Be paranoid about class variables and class instance variables.
The longer version:
Rails processes start their life cycle by loading the framework and application. They will typically run only a single thread, which will process many requests during its lifetime. The requests will therefore be dispatched strictly sequentially.
Nevertheless, all classes persist across requests. This means any object referenced from your classes and metaclasses (such as class variables and class instance variables) will be shared across requests. This may bite you, for example, if you try to memoize methods (#var ||= expensive_calculation) in your class methods, expecting it will only persist during the current request. In reality, the calculation will only be performed on the first request.
On the surface, it may seem nice to implement caching, or other behaviour that depends on persistence across requests. Typically, it isn't. This is because most deployment strategies will use several Rails processes to counter their own single-threaded nature. It is simply not cool to block all requests while waiting for a slow database query, so the easy way out is to spawn more processes. Naturally, these processes do not share anything (except some memory perhaps, which you won't notice). This may bite you if you save stuff in your class variables or class instance variables during requests. Then, somehow, sometimes the stuff appears to be present, and sometimes it appears to be gone. (In reality, of course, the data may or may not be present in some process, and absent in others).
Some deployment configurations (most notably JRuby + Glassfish) are in fact multithreaded.
Rails is thread safe, so it can deal with it. But your application may not be thread safe. All controller instances are thrown away after each request, but as we know, the classes are shared. This may bite you if you pass information around in class variables or in class instance variables. If you do not properly use synchronisation methods, you may very well end up in race condition hell.
As a side note: Rails is typically run in single-threaded processes because Ruby's thread implementation is imperfect. Luckily, things are a little better in Ruby 1.9. And a lot better in JRuby.

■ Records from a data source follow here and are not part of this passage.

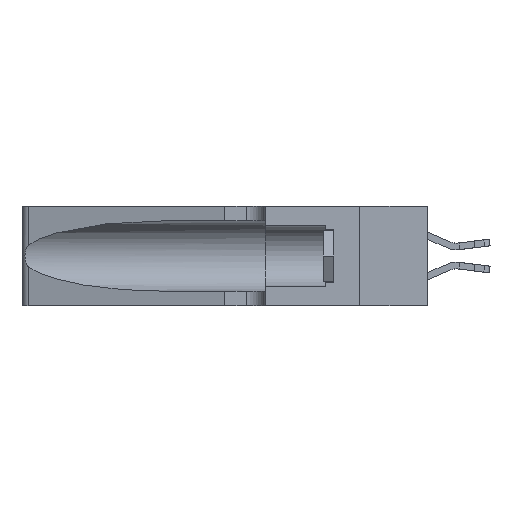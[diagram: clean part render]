
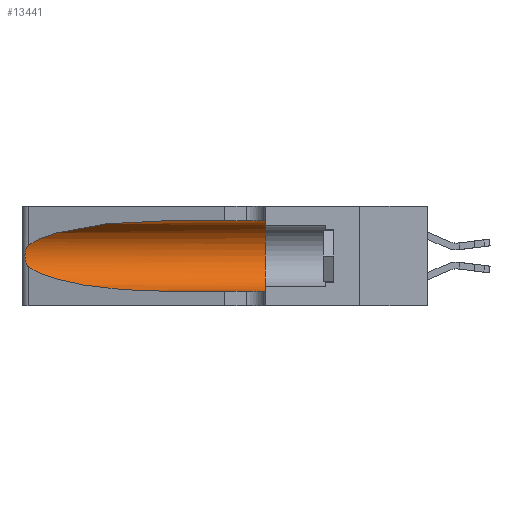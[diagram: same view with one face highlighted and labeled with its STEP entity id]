
A CAD part, left-side view. The second image highlights one B-rep face of the part: STEP entity #13441.
In plain terms, the highlighted cylindrical face has radius 3.308 mm (diameter 6.617 mm), a partial arc.
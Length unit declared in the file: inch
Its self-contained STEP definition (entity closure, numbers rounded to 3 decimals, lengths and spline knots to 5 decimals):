
#122 = AXIS2_PLACEMENT_3D ( 'NONE', #5618, #18779, #7517 ) ;
#430 = ORIENTED_EDGE ( 'NONE', *, *, #17794, .F. ) ;
#551 = ORIENTED_EDGE ( 'NONE', *, *, #19574, .T. ) ;
#861 = CARTESIAN_POINT ( 'NONE',  ( 0.25856, 1.23593, 0.16098 ) ) ;
#2018 = CARTESIAN_POINT ( 'NONE',  ( 0.18966, 0.96281, 0.05475 ) ) ;
#2094 = CARTESIAN_POINT ( 'NONE',  ( 0.25487, 1.22718, 0.14631 ) ) ;
#2513 = CARTESIAN_POINT ( 'NONE',  ( 0.25487, 1.22718, 0.14631 ) ) ;
#2544 = CARTESIAN_POINT ( 'NONE',  ( 0.2373, 1.15595, 0.08982 ) ) ;
#2605 = CARTESIAN_POINT ( 'NONE',  ( 0.18966, 0.96281, 0.31525 ) ) ;
#2814 = CARTESIAN_POINT ( 'NONE',  ( 0.25639, 1.23186, 0.15144 ) ) ;
#2935 = EDGE_CURVE ( 'NONE', #10886, #23380, #6955, .T. ) ;
#3231 = ORIENTED_EDGE ( 'NONE', *, *, #7675, .T. ) ;
#4740 = CARTESIAN_POINT ( 'NONE',  ( 0.25487, 1.22718, 0.14631 ) ) ;
#5618 = CARTESIAN_POINT ( 'NONE',  ( 0.1305, 0.35, 0.185 ) ) ;
#6114 = VECTOR ( 'NONE', #21194, 39.37008 ) ;
#6578 = CARTESIAN_POINT ( 'NONE',  ( 0.25639, 1.23184, 0.21858 ) ) ;
#6634 = LINE ( 'NONE', #14969, #11077 ) ;
#6955 =( BOUNDED_CURVE ( )  B_SPLINE_CURVE ( 3, ( #2513, #2544, #2018, #12440 ),
 .UNSPECIFIED., .F., .F. ) 
 B_SPLINE_CURVE_WITH_KNOTS ( ( 4, 4 ),
 ( 3.44316, 4.71239 ),
 .UNSPECIFIED. ) 
 CURVE ( )  GEOMETRIC_REPRESENTATION_ITEM ( )  RATIONAL_B_SPLINE_CURVE ( ( 1., 0.87, 0.87, 1. ) ) 
 REPRESENTATION_ITEM ( '' )  );
#7517 = DIRECTION ( 'NONE',  ( 0., 0., 1. ) ) ;
#7675 = EDGE_CURVE ( 'NONE', #23380, #9187, #6634, .T. ) ;
#7996 = FACE_OUTER_BOUND ( 'NONE', #17409, .T. ) ;
#8326 = CARTESIAN_POINT ( 'NONE',  ( 0.25487, 1.22718, 0.22369 ) ) ;
#8403 = CARTESIAN_POINT ( 'NONE',  ( 0.1305, 0.35, 0.31525 ) ) ;
#8448 = CARTESIAN_POINT ( 'NONE',  ( 0.25854, 1.2359, 0.20912 ) ) ;
#8758 = CARTESIAN_POINT ( 'NONE',  ( 0.1305, 0.72297, 0.05475 ) ) ;
#9187 = VERTEX_POINT ( 'NONE', #10573 ) ;
#9258 = DIRECTION ( 'NONE',  ( 0., -1., 0. ) ) ;
#10130 = ORIENTED_EDGE ( 'NONE', *, *, #20547, .F. ) ;
#10366 = CARTESIAN_POINT ( 'NONE',  ( 0.26075, 1.23896, 0.19203 ) ) ;
#10372 = VERTEX_POINT ( 'NONE', #19367 ) ;
#10413 = DIRECTION ( 'NONE',  ( 0., -1., 0. ) ) ;
#10573 = CARTESIAN_POINT ( 'NONE',  ( 0.1305, 0.35, 0.05475 ) ) ;
#10886 = VERTEX_POINT ( 'NONE', #2094 ) ;
#11006 = CIRCLE ( 'NONE', #122, 0.13025 ) ;
#11077 = VECTOR ( 'NONE', #9258, 39.37008 ) ;
#11273 = CYLINDRICAL_SURFACE ( 'NONE', #18166, 0.13025 ) ;
#11723 = LINE ( 'NONE', #17493, #6114 ) ;
#12088 =( BOUNDED_CURVE ( )  B_SPLINE_CURVE ( 3, ( #19505, #2605, #19586, #8326 ),
 .UNSPECIFIED., .F., .F. ) 
 B_SPLINE_CURVE_WITH_KNOTS ( ( 4, 4 ),
 ( 1.5708, 2.84003 ),
 .UNSPECIFIED. ) 
 CURVE ( )  GEOMETRIC_REPRESENTATION_ITEM ( )  RATIONAL_B_SPLINE_CURVE ( ( 1., 0.87, 0.87, 1. ) ) 
 REPRESENTATION_ITEM ( '' )  );
#12236 = CARTESIAN_POINT ( 'NONE',  ( 0.1305, 1.61858, 0.185 ) ) ;
#12278 = CARTESIAN_POINT ( 'NONE',  ( 0.26017, 1.23833, 0.17102 ) ) ;
#12440 = CARTESIAN_POINT ( 'NONE',  ( 0.1305, 0.72297, 0.05475 ) ) ;
#13441 = ADVANCED_FACE ( 'NONE', ( #7996 ), #11273, .F. ) ;
#14141 = CARTESIAN_POINT ( 'NONE',  ( 0.25789, 1.23486, 0.15765 ) ) ;
#14458 = VERTEX_POINT ( 'NONE', #21080 ) ;
#14969 = CARTESIAN_POINT ( 'NONE',  ( 0.1305, 1.61858, 0.05475 ) ) ;
#15900 = EDGE_CURVE ( 'NONE', #14458, #10372, #12088, .T. ) ;
#15948 = VERTEX_POINT ( 'NONE', #8403 ) ;
#15951 = CARTESIAN_POINT ( 'NONE',  ( 0.25487, 1.22718, 0.22369 ) ) ;
#16041 = CARTESIAN_POINT ( 'NONE',  ( 0.25555, 1.22993, 0.14849 ) ) ;
#17409 = EDGE_LOOP ( 'NONE', ( #20993, #551, #21741, #3231, #10130, #430 ) ) ;
#17493 = CARTESIAN_POINT ( 'NONE',  ( 0.1305, 1.61858, 0.31525 ) ) ;
#17794 = EDGE_CURVE ( 'NONE', #14458, #15948, #11723, .T. ) ;
#17842 = CARTESIAN_POINT ( 'NONE',  ( 0.25555, 1.22994, 0.2215 ) ) ;
#18166 = AXIS2_PLACEMENT_3D ( 'NONE', #12236, #10413, #21594 ) ;
#18779 = DIRECTION ( 'NONE',  ( 0., 1., 0. ) ) ;
#19367 = CARTESIAN_POINT ( 'NONE',  ( 0.25487, 1.22718, 0.22369 ) ) ;
#19505 = CARTESIAN_POINT ( 'NONE',  ( 0.1305, 0.72297, 0.31525 ) ) ;
#19574 = EDGE_CURVE ( 'NONE', #10372, #10886, #23268, .T. ) ;
#19586 = CARTESIAN_POINT ( 'NONE',  ( 0.2373, 1.15595, 0.28018 ) ) ;
#19703 = CARTESIAN_POINT ( 'NONE',  ( 0.25787, 1.23484, 0.2124 ) ) ;
#20547 = EDGE_CURVE ( 'NONE', #15948, #9187, #11006, .T. ) ;
#20993 = ORIENTED_EDGE ( 'NONE', *, *, #15900, .T. ) ;
#21080 = CARTESIAN_POINT ( 'NONE',  ( 0.1305, 0.72297, 0.31525 ) ) ;
#21194 = DIRECTION ( 'NONE',  ( 0., -1., 0. ) ) ;
#21553 = CARTESIAN_POINT ( 'NONE',  ( 0.26018, 1.23835, 0.19895 ) ) ;
#21594 = DIRECTION ( 'NONE',  ( 0., 0., -1. ) ) ;
#21741 = ORIENTED_EDGE ( 'NONE', *, *, #2935, .T. ) ;
#23268 = B_SPLINE_CURVE_WITH_KNOTS ( 'NONE', 3,
 ( #15951, #17842, #6578, #19703, #8448, #21553, #10366, #23403, #12278, #861, #14141, #2814, #16041, #4740 ),
 .UNSPECIFIED., .F., .F.,
 ( 4, 2, 2, 2, 2, 2, 4 ),
 ( 0., 0.00027, 0.00053, 0.00107, 0.0016, 0.00187, 0.00214 ),
 .UNSPECIFIED. ) ;
#23380 = VERTEX_POINT ( 'NONE', #8758 ) ;
#23403 = CARTESIAN_POINT ( 'NONE',  ( 0.26075, 1.23896, 0.178 ) ) ;

With both these Ruby implementations gaining in popularity, it seems likely that multithreaded Rails deployment strategies will also gain in popularity and number. It is a good idea to write your application with multithreaded request dispatching in mind already.
Here is a relatively simple example that illustrates what can happen if you are not careful about modifying shared objects.
Create a new Rails project: rails test
Create a new file lib/misc.rb and put in it this:
class Misc
#xxx = 'Hello'
def Misc.contents()
return #xxx
end
end
Create a new controller: ruby script/generate controller Posts index
Change app/views/posts/index.html.erb to contain this code:
<%
require 'misc'; y = Misc.contents() ; y << ' (goodbye) '
%>
<pre><%= y %></pre>
(This is where we modify the implicitly shared object.)
Add RESTful routes to config/routes.rb.
Start the server ruby script/server and load the page /posts several times. You will see the number of ( goodbye) strings increasing by one on each successive page reload.
In your average deployment using Passenger, you probably have multiple app processes that share nothing between them but classes within each process that maintain their (static) state from request to request. Each request, though, makes a new instance of your controllers.
You might call this a cluster of distinct shared-state environments.
To use your Java analogy, you can do the caching and have it work from request to request, you just can't assume that it will be available on every request.
Shared-nothing is sometimes a good idea. But not when you have to load a large application framework and a large domain model and a large amount of configuration on every request.
For efficiency, Rails keeps some data available in memory to be shared among all requests for the lifetime of an application. Most of this data is read-only, so you shouldn't be worried.
When you write your app, stay away from writing to shared objects (excluding the database, for example, which comes out-of-the-box with good concurrency control) and you should be fine.